Start of Exercise material
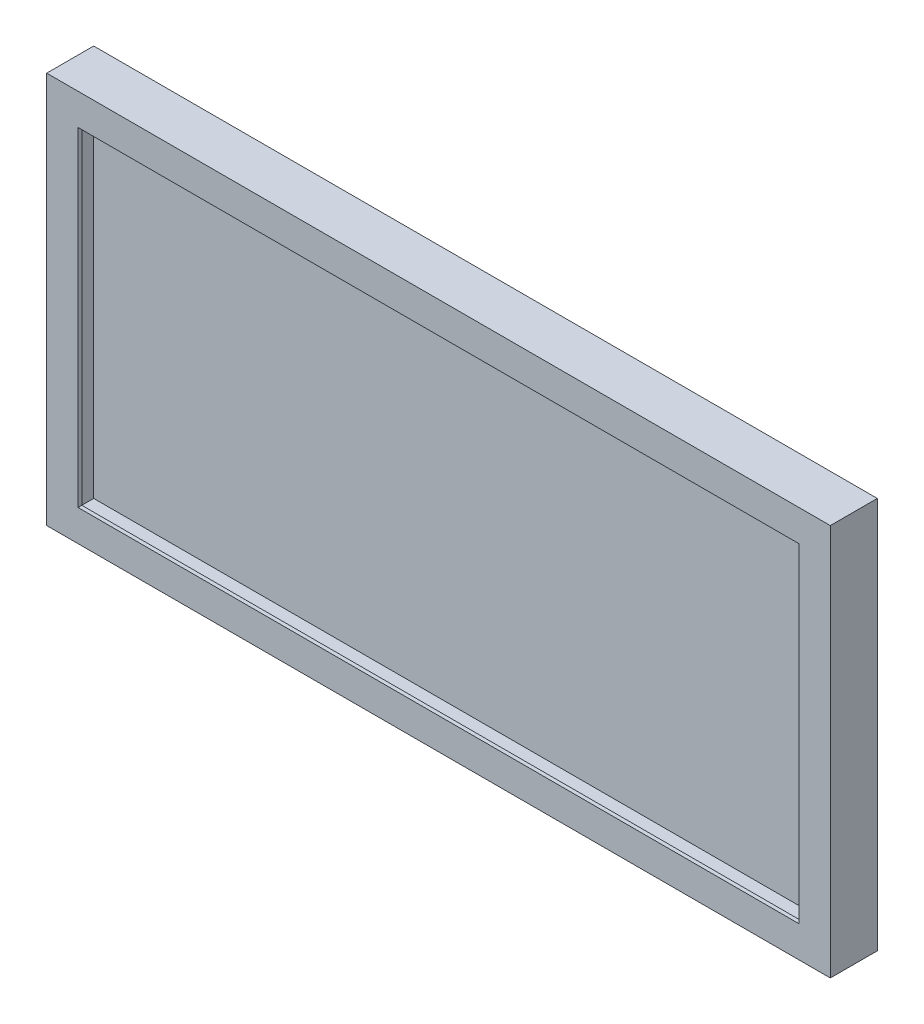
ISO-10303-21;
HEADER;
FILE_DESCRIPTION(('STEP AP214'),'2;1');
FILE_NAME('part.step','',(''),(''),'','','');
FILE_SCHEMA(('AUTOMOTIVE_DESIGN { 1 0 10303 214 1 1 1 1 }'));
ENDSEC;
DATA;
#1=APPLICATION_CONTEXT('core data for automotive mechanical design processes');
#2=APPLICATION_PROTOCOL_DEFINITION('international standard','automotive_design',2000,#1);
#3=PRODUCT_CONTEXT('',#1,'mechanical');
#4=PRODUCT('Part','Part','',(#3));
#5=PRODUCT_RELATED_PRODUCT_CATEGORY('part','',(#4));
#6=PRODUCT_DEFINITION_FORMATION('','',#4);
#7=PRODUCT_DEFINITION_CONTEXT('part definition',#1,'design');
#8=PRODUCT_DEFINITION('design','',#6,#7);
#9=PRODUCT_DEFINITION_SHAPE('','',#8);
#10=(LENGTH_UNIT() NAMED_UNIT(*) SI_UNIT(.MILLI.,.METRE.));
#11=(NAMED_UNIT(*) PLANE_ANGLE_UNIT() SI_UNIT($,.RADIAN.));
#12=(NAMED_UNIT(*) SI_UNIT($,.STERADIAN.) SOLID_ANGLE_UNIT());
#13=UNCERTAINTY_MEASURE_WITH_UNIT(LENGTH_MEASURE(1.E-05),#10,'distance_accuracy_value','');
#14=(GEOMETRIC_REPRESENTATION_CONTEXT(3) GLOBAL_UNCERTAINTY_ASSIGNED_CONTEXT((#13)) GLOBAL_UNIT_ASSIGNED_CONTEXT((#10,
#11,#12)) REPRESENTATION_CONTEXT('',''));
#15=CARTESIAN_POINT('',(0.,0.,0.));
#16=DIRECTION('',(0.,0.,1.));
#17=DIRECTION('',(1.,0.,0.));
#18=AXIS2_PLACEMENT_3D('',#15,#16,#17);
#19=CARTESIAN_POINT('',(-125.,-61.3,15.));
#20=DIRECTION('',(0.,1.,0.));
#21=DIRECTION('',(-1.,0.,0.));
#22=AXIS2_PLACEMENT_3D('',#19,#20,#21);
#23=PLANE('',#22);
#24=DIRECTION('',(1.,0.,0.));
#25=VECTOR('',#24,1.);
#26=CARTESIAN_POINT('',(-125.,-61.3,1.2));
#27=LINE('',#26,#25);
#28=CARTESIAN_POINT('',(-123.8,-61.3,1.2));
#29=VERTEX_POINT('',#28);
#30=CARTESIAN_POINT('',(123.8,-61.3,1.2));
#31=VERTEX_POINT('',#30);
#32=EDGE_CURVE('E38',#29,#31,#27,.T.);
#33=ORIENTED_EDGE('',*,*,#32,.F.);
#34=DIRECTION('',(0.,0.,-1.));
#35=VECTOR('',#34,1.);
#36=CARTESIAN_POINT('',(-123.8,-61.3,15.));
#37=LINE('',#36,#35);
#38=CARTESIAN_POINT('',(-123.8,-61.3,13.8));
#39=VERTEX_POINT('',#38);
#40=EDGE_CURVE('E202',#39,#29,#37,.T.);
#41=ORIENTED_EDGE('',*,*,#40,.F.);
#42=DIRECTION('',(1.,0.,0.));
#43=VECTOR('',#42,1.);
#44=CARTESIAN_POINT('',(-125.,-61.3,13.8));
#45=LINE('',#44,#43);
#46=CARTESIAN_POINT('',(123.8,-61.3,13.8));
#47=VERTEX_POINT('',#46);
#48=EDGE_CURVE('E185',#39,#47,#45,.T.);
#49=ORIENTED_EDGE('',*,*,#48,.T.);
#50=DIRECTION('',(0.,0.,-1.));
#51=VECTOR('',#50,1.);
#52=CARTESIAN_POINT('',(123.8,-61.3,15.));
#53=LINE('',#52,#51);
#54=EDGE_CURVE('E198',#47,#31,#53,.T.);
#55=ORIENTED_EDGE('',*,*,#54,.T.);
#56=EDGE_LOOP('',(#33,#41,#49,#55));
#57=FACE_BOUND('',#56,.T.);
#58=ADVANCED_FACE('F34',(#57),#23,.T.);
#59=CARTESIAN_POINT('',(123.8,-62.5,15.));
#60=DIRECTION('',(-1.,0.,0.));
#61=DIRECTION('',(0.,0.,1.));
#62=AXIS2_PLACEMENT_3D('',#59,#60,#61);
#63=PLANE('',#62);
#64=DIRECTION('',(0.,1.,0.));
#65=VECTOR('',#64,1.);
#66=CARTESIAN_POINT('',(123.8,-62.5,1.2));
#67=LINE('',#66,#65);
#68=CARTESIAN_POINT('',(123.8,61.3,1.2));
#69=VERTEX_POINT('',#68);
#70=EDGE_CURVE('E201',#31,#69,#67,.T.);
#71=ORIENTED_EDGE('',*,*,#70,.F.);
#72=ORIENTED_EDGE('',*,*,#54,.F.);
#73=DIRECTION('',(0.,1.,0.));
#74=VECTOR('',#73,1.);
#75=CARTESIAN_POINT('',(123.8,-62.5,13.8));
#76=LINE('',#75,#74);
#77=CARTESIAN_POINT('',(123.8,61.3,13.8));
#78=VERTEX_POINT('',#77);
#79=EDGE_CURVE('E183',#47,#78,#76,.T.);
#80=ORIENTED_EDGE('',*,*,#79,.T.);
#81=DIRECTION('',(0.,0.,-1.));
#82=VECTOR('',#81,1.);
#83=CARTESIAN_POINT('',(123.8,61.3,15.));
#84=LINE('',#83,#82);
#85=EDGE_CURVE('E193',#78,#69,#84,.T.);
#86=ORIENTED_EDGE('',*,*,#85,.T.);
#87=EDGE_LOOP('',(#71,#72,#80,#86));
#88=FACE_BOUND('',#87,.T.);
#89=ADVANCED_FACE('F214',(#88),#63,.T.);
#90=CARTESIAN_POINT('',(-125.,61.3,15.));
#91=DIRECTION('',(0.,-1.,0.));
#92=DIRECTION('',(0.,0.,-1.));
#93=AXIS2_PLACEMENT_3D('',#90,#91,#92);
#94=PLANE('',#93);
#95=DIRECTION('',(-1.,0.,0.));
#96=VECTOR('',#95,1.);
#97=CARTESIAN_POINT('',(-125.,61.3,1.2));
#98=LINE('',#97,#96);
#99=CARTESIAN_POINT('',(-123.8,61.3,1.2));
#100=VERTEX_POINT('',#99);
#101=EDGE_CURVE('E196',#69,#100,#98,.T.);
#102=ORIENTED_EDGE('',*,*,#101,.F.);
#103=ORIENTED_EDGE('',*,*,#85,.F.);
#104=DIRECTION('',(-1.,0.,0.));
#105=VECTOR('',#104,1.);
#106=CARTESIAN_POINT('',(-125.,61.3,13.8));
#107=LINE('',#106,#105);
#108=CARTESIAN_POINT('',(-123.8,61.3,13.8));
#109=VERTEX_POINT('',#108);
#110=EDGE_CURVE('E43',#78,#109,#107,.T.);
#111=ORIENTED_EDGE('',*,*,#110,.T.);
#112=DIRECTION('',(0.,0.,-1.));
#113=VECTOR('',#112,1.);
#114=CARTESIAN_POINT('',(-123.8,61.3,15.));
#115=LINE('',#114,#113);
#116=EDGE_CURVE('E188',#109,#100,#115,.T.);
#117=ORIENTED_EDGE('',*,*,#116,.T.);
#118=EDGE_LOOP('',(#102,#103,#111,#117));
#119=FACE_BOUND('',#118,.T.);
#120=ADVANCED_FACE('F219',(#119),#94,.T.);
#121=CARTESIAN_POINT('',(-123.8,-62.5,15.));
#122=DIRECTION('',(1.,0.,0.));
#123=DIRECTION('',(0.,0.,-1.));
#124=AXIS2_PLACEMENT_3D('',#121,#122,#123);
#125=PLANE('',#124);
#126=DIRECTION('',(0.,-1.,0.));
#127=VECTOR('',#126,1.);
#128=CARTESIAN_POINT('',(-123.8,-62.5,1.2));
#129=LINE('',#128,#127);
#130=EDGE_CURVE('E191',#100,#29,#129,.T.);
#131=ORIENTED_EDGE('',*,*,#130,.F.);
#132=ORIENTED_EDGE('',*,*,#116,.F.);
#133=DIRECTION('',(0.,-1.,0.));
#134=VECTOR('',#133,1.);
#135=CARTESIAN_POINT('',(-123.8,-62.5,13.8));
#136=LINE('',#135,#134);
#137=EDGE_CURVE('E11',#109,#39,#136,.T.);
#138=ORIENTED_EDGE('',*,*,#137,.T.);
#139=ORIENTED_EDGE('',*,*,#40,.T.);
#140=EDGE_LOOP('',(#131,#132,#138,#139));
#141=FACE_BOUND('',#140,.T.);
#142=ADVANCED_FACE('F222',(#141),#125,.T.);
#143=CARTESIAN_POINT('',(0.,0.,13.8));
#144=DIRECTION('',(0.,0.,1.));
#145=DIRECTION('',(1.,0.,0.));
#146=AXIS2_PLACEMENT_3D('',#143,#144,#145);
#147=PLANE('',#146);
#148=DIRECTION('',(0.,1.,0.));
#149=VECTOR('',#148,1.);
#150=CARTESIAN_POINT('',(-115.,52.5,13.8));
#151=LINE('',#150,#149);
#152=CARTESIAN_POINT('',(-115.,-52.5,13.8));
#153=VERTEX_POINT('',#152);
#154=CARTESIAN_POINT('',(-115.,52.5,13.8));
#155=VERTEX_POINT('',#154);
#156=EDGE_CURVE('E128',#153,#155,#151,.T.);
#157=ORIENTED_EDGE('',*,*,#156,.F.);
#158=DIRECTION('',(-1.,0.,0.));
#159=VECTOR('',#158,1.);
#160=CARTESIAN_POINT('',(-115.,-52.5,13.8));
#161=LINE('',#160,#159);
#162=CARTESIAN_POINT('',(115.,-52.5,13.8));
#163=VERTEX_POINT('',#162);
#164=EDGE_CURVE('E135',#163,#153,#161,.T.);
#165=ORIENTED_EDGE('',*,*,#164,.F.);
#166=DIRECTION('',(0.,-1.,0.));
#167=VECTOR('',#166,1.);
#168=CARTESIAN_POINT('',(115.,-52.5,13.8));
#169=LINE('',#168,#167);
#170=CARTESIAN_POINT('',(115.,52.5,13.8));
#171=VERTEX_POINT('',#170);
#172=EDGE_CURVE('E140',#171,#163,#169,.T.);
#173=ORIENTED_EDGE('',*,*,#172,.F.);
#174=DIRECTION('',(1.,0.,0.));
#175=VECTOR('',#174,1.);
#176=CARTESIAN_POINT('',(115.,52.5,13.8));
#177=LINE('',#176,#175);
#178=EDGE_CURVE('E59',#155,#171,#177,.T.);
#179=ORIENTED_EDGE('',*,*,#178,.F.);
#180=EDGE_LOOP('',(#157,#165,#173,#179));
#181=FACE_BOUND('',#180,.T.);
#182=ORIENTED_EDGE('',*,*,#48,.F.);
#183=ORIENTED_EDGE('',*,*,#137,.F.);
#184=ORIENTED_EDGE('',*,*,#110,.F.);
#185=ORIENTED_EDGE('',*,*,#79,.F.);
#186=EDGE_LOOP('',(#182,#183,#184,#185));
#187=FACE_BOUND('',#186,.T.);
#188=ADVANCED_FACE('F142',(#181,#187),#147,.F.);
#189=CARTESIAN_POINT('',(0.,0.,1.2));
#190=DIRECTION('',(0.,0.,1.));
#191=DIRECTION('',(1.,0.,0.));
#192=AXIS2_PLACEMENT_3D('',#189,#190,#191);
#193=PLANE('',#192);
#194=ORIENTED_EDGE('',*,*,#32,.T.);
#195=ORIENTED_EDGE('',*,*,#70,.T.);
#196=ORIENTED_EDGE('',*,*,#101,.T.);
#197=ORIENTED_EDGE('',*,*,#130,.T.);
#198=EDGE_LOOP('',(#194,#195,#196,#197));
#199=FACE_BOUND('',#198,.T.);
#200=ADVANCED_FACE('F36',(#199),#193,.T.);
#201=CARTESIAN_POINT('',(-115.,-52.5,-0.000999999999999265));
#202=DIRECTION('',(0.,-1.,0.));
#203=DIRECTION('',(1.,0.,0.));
End of Exercise material
▸ **What is needed**
Within the listing above, the range opens at the line with "#70=EDGE_CURVE('E201',#31,#69,#67,.T.);" and closes at the line with "#79=EDGE_CURVE('E183',#47,#78,#76,.T.);". Reproduce exactly the lines of that range, including both ends.

▸ **Problem solution**
#70=EDGE_CURVE('E201',#31,#69,#67,.T.);
#71=ORIENTED_EDGE('',*,*,#70,.F.);
#72=ORIENTED_EDGE('',*,*,#54,.F.);
#73=DIRECTION('',(0.,1.,0.));
#74=VECTOR('',#73,1.);
#75=CARTESIAN_POINT('',(123.8,-62.5,13.8));
#76=LINE('',#75,#74);
#77=CARTESIAN_POINT('',(123.8,61.3,13.8));
#78=VERTEX_POINT('',#77);
#79=EDGE_CURVE('E183',#47,#78,#76,.T.);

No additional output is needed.